ACTIVITY –
Examine each line of the data. Copy those that contain the string "AdcRTI".

-- MATERIAL SHOWN follows --

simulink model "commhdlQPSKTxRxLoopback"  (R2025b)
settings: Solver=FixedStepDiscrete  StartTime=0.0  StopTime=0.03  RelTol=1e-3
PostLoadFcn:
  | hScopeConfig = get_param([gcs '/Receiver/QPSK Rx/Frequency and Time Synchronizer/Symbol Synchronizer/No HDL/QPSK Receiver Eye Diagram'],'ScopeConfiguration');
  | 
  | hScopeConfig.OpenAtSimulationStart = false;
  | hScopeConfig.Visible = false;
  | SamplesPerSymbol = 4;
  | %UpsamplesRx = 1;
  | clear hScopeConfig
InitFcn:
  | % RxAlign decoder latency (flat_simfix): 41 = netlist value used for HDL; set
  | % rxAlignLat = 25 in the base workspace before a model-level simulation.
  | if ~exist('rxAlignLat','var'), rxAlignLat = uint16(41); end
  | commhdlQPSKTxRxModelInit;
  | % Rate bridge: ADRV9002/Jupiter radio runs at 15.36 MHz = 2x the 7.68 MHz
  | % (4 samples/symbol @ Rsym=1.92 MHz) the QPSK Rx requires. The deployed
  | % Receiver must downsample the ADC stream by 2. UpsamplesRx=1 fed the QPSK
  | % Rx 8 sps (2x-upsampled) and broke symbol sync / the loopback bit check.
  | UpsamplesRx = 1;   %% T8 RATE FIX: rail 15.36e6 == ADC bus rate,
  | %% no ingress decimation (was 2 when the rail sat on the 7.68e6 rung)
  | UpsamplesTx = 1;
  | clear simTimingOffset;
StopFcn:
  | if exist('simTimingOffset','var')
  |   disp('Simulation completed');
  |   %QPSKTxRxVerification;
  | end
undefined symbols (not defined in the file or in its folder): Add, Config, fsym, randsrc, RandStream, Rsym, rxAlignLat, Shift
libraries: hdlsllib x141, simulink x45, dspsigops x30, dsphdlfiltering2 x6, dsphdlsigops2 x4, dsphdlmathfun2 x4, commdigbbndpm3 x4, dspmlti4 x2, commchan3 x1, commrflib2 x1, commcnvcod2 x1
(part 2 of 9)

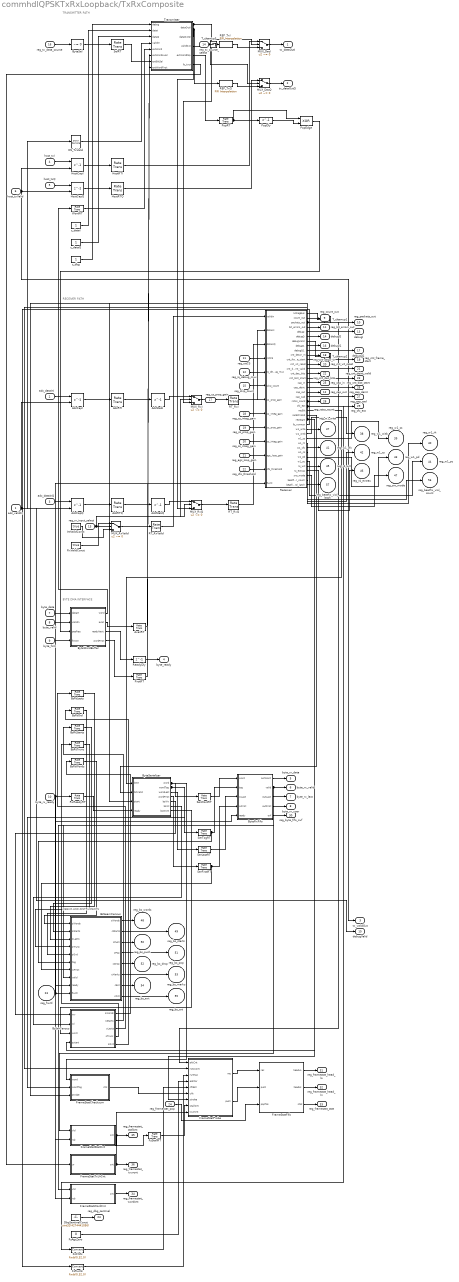
== system commhdlQPSKTxRxLoopback/TxRxComposite ==
  note: TRANSMITTER PATH
  note: RECEIVER PATH
  note: BYTE DMA INTERFACE
  note: DEBUG AND INSTRUMENTS
  adc_validIn : Inport  OutDataTypeStr=boolean  SampleTime=1/30.72e6
  adc_dataInI : Inport  Port=2  OutDataTypeStr=int16  SampleTime=1/30.72e6
  adc_dataInQ : Inport  Port=3  OutDataTypeStr=int16  SampleTime=1/30.72e6
  host_txI : Inport  Port=4  OutDataTypeStr=int16  SampleTime=1/30.72e6
  host_txQ : Inport  Port=5  OutDataTypeStr=int16  SampleTime=1/30.72e6
  host_txValid : Inport  Port=6  OutDataTypeStr=boolean  SampleTime=1/30.72e6
  byte_data : Inport  Port=7  OutDataTypeStr=uint64  SampleTime=1/30.72e6
  byte_valid : Inport  Port=8  OutDataTypeStr=boolean  SampleTime=1/30.72e6
  byte_first : Inport  Port=9  OutDataTypeStr=boolean  SampleTime=1/30.72e6
  byte_rx_ready : Inport  Port=10  OutDataTypeStr=boolean  SampleTime=1/30.72e6
  reg_rstCS : Inport  Port=11  OutDataTypeStr=boolean  SampleTime=1/15.36e6
  reg_iq_debug_mux : Inport  Port=12  OutDataTypeStr=uint32  SampleTime=1/15.36e6
  reg_rx_input_select : Inport  Port=13  OutDataTypeStr=boolean  SampleTime=1/15.36e6
  reg_tx_source_select : Inport  Port=14  OutDataTypeStr=uint32  SampleTime=1/15.36e6
  reg_skip_count : Inport  Port=15  OutDataTypeStr=uint32  SampleTime=1/15.36e6
  reg_tx_data_source : Inport  Port=16  OutDataTypeStr=uint32  SampleTime=1/15.36e6
  reg_cs_prop_gain : Inport  Port=17  OutDataTypeStr=uint32  SampleTime=1/15.36e6
  reg_cs_integ_gain : Inport  Port=18  OutDataTypeStr=uint32  SampleTime=1/15.36e6
  reg_ss_prop_gain : Inport  Port=19  OutDataTypeStr=uint32  SampleTime=1/15.36e6
  reg_ss_integ_gain : Inport  Port=20  OutDataTypeStr=uint32  SampleTime=1/15.36e6
  reg_agc_loop_gain : Inport  Port=21  OutDataTypeStr=uint32  SampleTime=1/15.36e6
  reg_cfo_threshold : Inport  Port=22  OutDataTypeStr=uint32  SampleTime=1/15.36e6
  reg_fixctl : Inport  Port=23  OutDataTypeStr=uint32
  reg_framestat_pop : Inport  Port=24  OutDataTypeStr=uint32  SampleTime=1/15.36e6
  AdcCapI : Delay  DelayLength=1  ShowEnablePort=on
      settings: InputPortMap=u0,e6
  AdcCapQ : Delay  DelayLength=1  ShowEnablePort=on
      settings: InputPortMap=u0,e6
  AdcRTI : RateTransition  OutPortSampleTime=1/15.36e6
  AdcRTQ : RateTransition  OutPortSampleTime=1/15.36e6
  AdcStabI : Delay  DelayLength=1
  AdcStabQ : Delay  DelayLength=1
  AvailRT : RateTransition  OutPortSampleTime=1/15.36e6
  BsRtLasts : RateTransition  OutPortSampleTime=1/30.72e6
  BsRtOrd : RateTransition  OutPortSampleTime=1/30.72e6
  BsRtStarts : RateTransition  OutPortSampleTime=1/30.72e6
  BsRtTrunc : RateTransition  OutPortSampleTime=1/30.72e6
  BsRtWords : RateTransition  OutPortSampleTime=1/30.72e6
  BsSeamCensus : MATLAB Function  TreatAsAtomicUnit=on
  BsSerCensus : MATLAB Function  TreatAsAtomicUnit=on
  ByteRxFifo : MATLAB Function  TreatAsAtomicUnit=on
  ByteSel : simulink/Logic and Bit Operations/Compare To Constant  relop=~=  const=0  OutDataTypeStr=boolean
  ByteSerializer : MATLAB Function  TreatAsAtomicUnit=on
  ByteWordBuffer : MATLAB Function  TreatAsAtomicUnit=on
  DS_TxValid : DownSample  N=1  RateOptions=Allow multirate processing  AllowArbitraryFixedInput=on
  DbgSentinelConst : Constant  Value=uint32(4274441056)  OutDataTypeStr=uint32  SampleTime=1/15.36e6
  FirstRT : RateTransition  OutPortSampleTime=1/15.36e6
  FrameStatChecksum : MATLAB Function  TreatAsAtomicUnit=on
  FrameStatFifo : MATLAB Function  TreatAsAtomicUnit=on
  FrameStatProbe : MATLAB Function  TreatAsAtomicUnit=on
  FrameStatStallCnt : MATLAB Function  TreatAsAtomicUnit=on
  FrameStatTxUrCnt : MATLAB Function  TreatAsAtomicUnit=on
  FrameStatWordCnt : MATLAB Function  TreatAsAtomicUnit=on
  FsAgcZero : Constant  Value=0  OutDataTypeStr=uint32
  FsCfcSi : DataTypeConversion  OutDataTypeStr=fixdt(0,32,0)  ConvertRealWorld=Stored Integer (SI)  SaturateOnIntegerOverflow=off  RndMeth=Floor
  FsRunSi : DataTypeConversion  OutDataTypeStr=fixdt(0,32,0)  ConvertRealWorld=Stored Integer (SI)  SaturateOnIntegerOverflow=off  RndMeth=Floor
  FsStallRT : RateTransition  OutPortSampleTime=1/15.36e6
  HostCapI : Delay  DelayLength=1  ShowEnablePort=on
      settings: InputPortMap=u0,e6
  HostCapQ : Delay  DelayLength=1  ShowEnablePort=on
      settings: InputPortMap=u0,e6
  HostRTI : RateTransition  OutPortSampleTime=1/30.72e6
  HostRTQ : RateTransition  OutPortSampleTime=1/30.72e6
  IntValidConst : Constant  Value=true  OutDataTypeStr=boolean  SampleTime=1/15.36e6
  MUX_DacI : Switch  Criteria=u2 ~= 0
  MUX_DacQ : Switch  Criteria=u2 ~= 0
  MUX_RxI : Switch  Criteria=u2 ~= 0
  MUX_RxQ : Switch  Criteria=u2 ~= 0
  MUX_RxValid : Switch  Criteria=u2 ~= 0
  PopDly : Delay  DelayLength=1
  PopEdge : Logic  Operator=XOR
  PopRT : RateTransition  OutPortSampleTime=1/30.72e6
  REP_TxI : dspmlti4/FIR Interpolation  FilterSource=Dialog parameters  PrivateCoeffs=0  h=2*fir1(24,0.45)  L=2  FilterObject=FINTERP  framing=Allow multirate processing  outputBufInitCond=0  roundingMode=Nearest  overflowMode=on  firstCoeffDataTypeStr=Inherit: Same word length as input  firstCoeffMin=[]  firstCoeffMax=[]  firstCoeffLastDataTypeStr=Inherit: Same word length as input  outputMin=[]  outputMax=[]
  REP_TxQ : dspmlti4/FIR Interpolation  FilterSource=Dialog parameters  PrivateCoeffs=0  h=2*fir1(24,0.45)  L=2  FilterObject=FINTERP  framing=Allow multirate processing  outputBufInitCond=0  roundingMode=Nearest  overflowMode=on  firstCoeffDataTypeStr=Inherit: Same word length as input  firstCoeffMin=[]  firstCoeffMax=[]  firstCoeffLastDataTypeStr=Inherit: Same word length as input  outputMin=[]  outputMax=[]
  RT_RxI : RateTransition  OutPortSampleTime=1/15.36e6
  RT_RxQ : RateTransition  OutPortSampleTime=1/15.36e6
  RT_RxValid : RateTransition  OutPortSampleTime=1/15.36e6
  ReadyDly : Delay  DelayLength=1  InitialCondition=1
  Receiver : Subsystem  TreatAsAtomicUnit=on
  RxReadyRT : RateTransition  OutPortSampleTime=1/15.36e6
  RxValidConst : Constant  Value=true  OutDataTypeStr=boolean  SampleTime=1/15.36e6
  SelRT : RateTransition  OutPortSampleTime=1/15.36e6
  SerFirstRT : RateTransition  OutPortSampleTime=1/30.72e6
  SerLastRT : RateTransition  OutPortSampleTime=1/30.72e6
  SerTogRT : RateTransition  OutPortSampleTime=1/30.72e6
  SerWordRT : RateTransition  OutPortSampleTime=1/30.72e6
  T_cleanup1 : Terminator
  T_cleanup2 : Terminator
  T_cleanup3 : Terminator
  Transmitter : Subsystem  TreatAsAtomicUnit=on
  WordRT : RateTransition  OutPortSampleTime=1/15.36e6
  c_dataI : Constant  OutDataTypeStr=int16  SampleTime=1/15.36e6
  c_dataQ : Constant  OutDataTypeStr=int16  SampleTime=1/15.36e6
  c_dbg : Constant  OutDataTypeStr=uint32  SampleTime=1/15.36e6
  tx_dataOutI : Outport
  tx_dataOutQ : Outport  Port=2
  tx_validOut : Outport  Port=3
  byte_ready : Outport  Port=4
  byte_rx_data : Outport  Port=5
  byte_rx_valid : Outport  Port=6
  byte_rx_last : Outport  Port=7
  byte_rx_user : Outport  Port=8
  reg_count_out : Outport  Port=9
  reg_packets_out : Outport  Port=10
  reg_bit_errors_out : Outport  Port=11
  reg_cap_out : Outport  Port=12
  debugI : Outport  Port=13
  debugQ : Outport  Port=14
  debugValid : Outport  Port=15
  debugI1 : Outport  Port=16
  debugQ1 : Outport  Port=17
  reg_cnt_descr_in : Outport  Port=18
  reg_cnt_frame_start : Outport  Port=19
  reg_cnt_vit_reset : Outport  Port=20
  reg_cnt_deint_valid : Outport  Port=21
  reg_cnt_dec_bits : Outport  Port=22
  reg_cnt_bist_start : Outport  Port=23
  reg_dbg_sentinel : Outport  Port=24
  reg_cap_in : Outport  Port=25
  reg_cap_deint : Outport  Port=26
  reg_cap_cad : Outport  Port=27
  reg_rstcs_count : Outport  Port=28
  reg_cfc_est : Outport  Port=29
  reg_byte_fifo_ovf : Outport  Port=30
  reg_framestat_head_lo : Outport  Port=31
  reg_framestat_head_hi : Outport  Port=32
  reg_framestat_stat : Outport  Port=33
  reg_framestat_wordcnt : Outport  Port=34
  reg_framestat_stallcnt : Outport  Port=35
  reg_framestat_txurcnt : Outport  Port=36
  reg_w1_wita : Outport  Port=37
  reg_w1_witb : Outport  Port=38
  reg_w1_ss : Outport  Port=39
  reg_w1_rh : Outport  Port=40
  reg_w1_cfc : Outport  Port=41
  reg_w1_cs : Outport  Port=42
  reg_w1_pd : Outport  Port=43
  reg_w1_pc : Outport  Port=44
  reg_r4_wit : Outport  Port=45
  reg_r4_extras : Outport  Port=46
  reg_sro_mode : Outport  Port=47
  reg_bs_words : Outport  Port=48
  reg_bs_starts : Outport  Port=49
  reg_bs_push : Outport  Port=50
  reg_bs_pop : Outport  Port=51
  reg_bs_drop : Outport  Port=52
  reg_bs_marks : Outport  Port=53
  reg_bs_evt : Outport  Port=54
  reg_bs_cnt : Outport  Port=55
  reg_beatfix_viol_count : Outport  Port=56
  reg_beatfix_viol_latch : Outport  Port=57
  wires:
  Receiver/30(w1_cfc) -> reg_w1_cfc/1
  BsSeamCensus/5(cDrop) -> reg_bs_drop/1
  FrameStatProbe/1(rec) -> FrameStatFifo/1(rec)
  host_txI/1 -> HostCapI/1
  MUX_RxValid/1 -> RT_RxValid/1
  Receiver/23(recBitValid) -> ByteSerializer/2(bitValid)
  byte_first/1 -> ByteWordBuffer/4(firstIn)
  AdcCapI/1 -> AdcRTI/1
  ByteSerializer/2(wordTog) -> FrameStatChecksum/2(wordTog), SerTogRT/1
  c_dataQ/1 -> Transmitter/3(dataQ)
  ByteRxFifo/3(outLast) -> byte_rx_last/1
  ReadyDly/1 -> byte_ready/1
  ByteRxFifo/5(ovf) -> reg_byte_fifo_ovf/1
  host_txValid/1 -> HostCapQ/2, HostCapI/2, tx_validOut/1
  BsRtTrunc/1 -> BsSeamCensus/4(sTrunc)
  DbgSentinelConst/1 -> reg_dbg_sentinel/1
  MUX_DacQ/1 -> tx_dataOutQ/1
  BsSeamCensus/4(cPop) -> reg_bs_pop/1
  AdcStabI/1 -> MUX_RxI/1
  BsSeamCensus/8(cCnt) -> reg_bs_cnt/1
  reg_tx_data_source/1 -> ByteSel/1
  AvailRT/1 -> Transmitter/6(extWordAvail)
  IntValidConst/1 -> MUX_RxValid/3
  Receiver/9(debugQ1) -> debugQ1/1
  adc_dataInI/1 -> AdcCapI/1
  ByteSerializer/3(wordLast) -> SerLastRT/1
  SerWordRT/1 -> ByteRxFifo/1(word)
  FrameStatWordCnt/1(cnt) -> reg_framestat_wordcnt/1
  Receiver/33(w1_pc) -> reg_w1_pc/1
  Receiver/29(w1_rh) -> reg_w1_rh/1
  reg_cs_integ_gain/1 -> Receiver/8(cs_integ_gain)
  Receiver/4(bit_errors_out) -> reg_bit_errors_out/1
  MUX_RxI/1 -> RT_RxI/1
  REP_TxI/1 -> MUX_DacI/3
  AdcRTQ/1 -> AdcStabQ/1
  Receiver/11(cnt_frame_start) -> reg_cnt_frame_start/1
  FrameStatTxUrCnt/1(cnt) -> reg_framestat_txurcnt/1, FrameStatProbe/9(txurCnt)
  Receiver/14(cnt_dec_bits) -> reg_cnt_dec_bits/1
  RT_RxI/1 -> Receiver/2(dataInI)
  Receiver/24(recStart) -> BsSerCensus/4(sstart), ByteSerializer/3(start), FrameStatProbe/7(strobe), FrameStatChecksum/3(strobe)
  Receiver/37(beatfix_viol_count) -> reg_beatfix_viol_count/1
  PopEdge/1 -> ByteWordBuffer/3(popReq)
  FrameStatFifo/1(headLo) -> reg_framestat_head_lo/1
  Receiver/38(beatfix_viol_latch) -> reg_beatfix_viol_latch/1
  Receiver/8(debugI1) -> debugI1/1
  Receiver/19(cap_cad) -> reg_cap_cad/1
  Receiver/15(cnt_bist_start) -> reg_cnt_bist_start/1
  BsSeamCensus/2(cStarts) -> reg_bs_starts/1
  byte_valid/1 -> ByteWordBuffer/2(validIn)
  reg_ss_prop_gain/1 -> Receiver/9(ss_prop_gain)
  HostRTQ/1 -> MUX_DacQ/1
  HostCapQ/1 -> HostRTQ/1
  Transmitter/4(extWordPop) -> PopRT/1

-- MATERIAL SHOWN concluded --

RESULT OF THIS EXERCISE –
  AdcRTI : RateTransition  OutPortSampleTime=1/15.36e6
  AdcCapI/1 -> AdcRTI/1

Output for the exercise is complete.